_ASSIGNMENT_. Scan the entries for the word "RETRO", and copy every line where it appears.

_RECORDS SHOWN_.
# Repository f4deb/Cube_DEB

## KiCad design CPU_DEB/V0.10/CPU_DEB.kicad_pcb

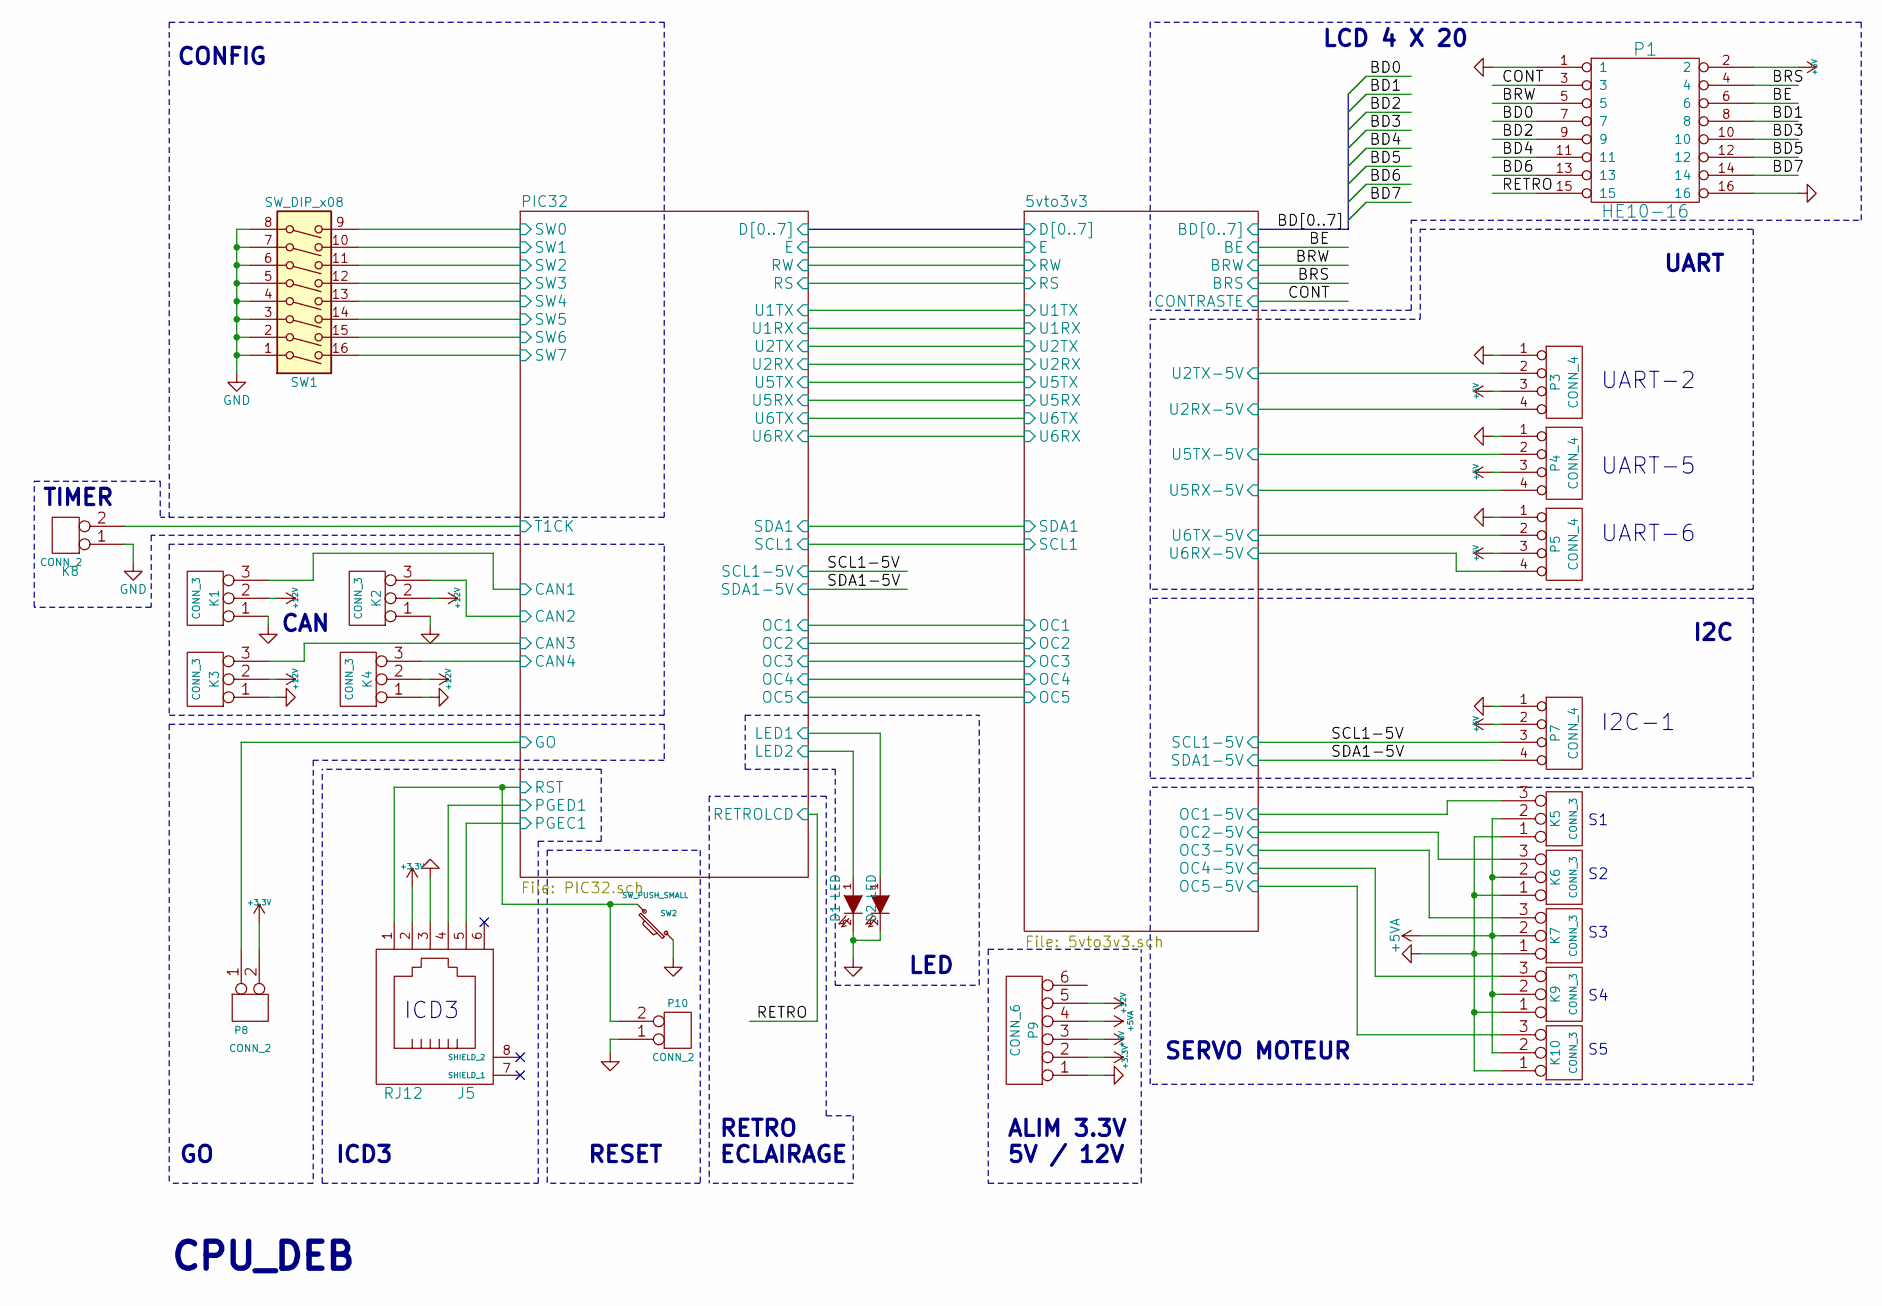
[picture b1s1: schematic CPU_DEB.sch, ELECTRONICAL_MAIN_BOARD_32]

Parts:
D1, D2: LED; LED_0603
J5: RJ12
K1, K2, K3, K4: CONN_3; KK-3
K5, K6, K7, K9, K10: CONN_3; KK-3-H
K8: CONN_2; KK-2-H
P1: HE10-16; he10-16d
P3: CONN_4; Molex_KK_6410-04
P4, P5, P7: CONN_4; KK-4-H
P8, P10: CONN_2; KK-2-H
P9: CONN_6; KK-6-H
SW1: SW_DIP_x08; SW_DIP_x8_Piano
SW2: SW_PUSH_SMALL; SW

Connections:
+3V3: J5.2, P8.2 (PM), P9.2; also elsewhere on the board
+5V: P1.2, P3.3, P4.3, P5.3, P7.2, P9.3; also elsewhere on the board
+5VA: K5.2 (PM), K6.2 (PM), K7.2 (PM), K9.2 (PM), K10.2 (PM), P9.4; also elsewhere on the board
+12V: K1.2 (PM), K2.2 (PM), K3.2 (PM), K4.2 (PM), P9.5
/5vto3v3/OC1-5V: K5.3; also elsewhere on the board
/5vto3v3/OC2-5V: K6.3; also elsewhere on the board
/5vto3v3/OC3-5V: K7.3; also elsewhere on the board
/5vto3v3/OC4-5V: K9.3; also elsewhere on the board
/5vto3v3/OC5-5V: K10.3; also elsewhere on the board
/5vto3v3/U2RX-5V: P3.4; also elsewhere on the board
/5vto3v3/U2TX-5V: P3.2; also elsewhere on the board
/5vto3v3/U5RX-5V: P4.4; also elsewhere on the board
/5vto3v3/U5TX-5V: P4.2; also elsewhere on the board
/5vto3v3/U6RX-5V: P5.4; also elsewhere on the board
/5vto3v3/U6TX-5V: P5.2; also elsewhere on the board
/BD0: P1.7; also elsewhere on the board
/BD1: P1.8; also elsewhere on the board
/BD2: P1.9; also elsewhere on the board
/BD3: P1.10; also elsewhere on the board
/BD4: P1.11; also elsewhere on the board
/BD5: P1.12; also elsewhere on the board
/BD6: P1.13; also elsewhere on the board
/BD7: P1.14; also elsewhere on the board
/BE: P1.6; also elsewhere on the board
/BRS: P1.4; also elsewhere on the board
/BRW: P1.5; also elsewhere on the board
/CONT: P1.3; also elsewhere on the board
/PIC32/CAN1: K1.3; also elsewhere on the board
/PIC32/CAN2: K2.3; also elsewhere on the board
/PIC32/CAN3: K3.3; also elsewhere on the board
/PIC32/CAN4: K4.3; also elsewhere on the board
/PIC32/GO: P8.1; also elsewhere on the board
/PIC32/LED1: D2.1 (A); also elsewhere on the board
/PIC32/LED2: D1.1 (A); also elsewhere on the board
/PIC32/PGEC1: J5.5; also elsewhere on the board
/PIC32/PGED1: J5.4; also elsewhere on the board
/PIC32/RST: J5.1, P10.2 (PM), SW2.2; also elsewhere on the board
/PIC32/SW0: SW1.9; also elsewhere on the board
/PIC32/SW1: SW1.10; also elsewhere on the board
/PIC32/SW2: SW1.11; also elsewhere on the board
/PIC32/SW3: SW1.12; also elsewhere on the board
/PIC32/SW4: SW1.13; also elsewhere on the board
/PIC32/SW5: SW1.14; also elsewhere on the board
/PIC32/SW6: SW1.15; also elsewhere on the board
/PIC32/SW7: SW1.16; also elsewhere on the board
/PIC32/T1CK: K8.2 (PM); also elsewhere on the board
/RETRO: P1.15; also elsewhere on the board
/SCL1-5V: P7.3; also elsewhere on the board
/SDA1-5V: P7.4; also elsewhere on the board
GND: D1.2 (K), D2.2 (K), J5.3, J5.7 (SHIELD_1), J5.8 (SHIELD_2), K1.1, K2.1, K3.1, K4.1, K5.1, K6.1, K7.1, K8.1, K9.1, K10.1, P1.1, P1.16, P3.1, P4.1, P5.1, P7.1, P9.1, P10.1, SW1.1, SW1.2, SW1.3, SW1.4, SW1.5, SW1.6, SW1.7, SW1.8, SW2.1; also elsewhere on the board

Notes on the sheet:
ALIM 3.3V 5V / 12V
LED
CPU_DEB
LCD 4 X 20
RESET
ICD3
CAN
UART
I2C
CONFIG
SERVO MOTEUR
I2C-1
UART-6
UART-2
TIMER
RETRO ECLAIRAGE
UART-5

_FINISHED EXERCISE_.
/RETRO: P1.15; also elsewhere on the board
RETRO ECLAIRAGE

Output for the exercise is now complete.